(Stored dataset items)
= = = = = = =

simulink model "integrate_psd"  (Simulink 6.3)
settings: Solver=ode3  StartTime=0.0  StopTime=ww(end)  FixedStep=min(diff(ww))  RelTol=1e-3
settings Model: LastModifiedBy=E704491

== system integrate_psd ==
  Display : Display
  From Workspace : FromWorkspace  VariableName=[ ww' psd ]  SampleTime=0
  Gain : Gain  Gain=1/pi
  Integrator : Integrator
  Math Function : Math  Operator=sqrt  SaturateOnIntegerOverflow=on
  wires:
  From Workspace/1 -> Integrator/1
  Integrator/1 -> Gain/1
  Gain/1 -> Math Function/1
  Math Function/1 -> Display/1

= = = = = = =

-- TASK REQUIREMENTS --
Set down no line except those from the one with "Integrator/1 -> Gain/1" to the last line of the data, inclusive, each exactly as written.

-- ANSWER BOX --
  Integrator/1 -> Gain/1
  Gain/1 -> Math Function/1
  Math Function/1 -> Display/1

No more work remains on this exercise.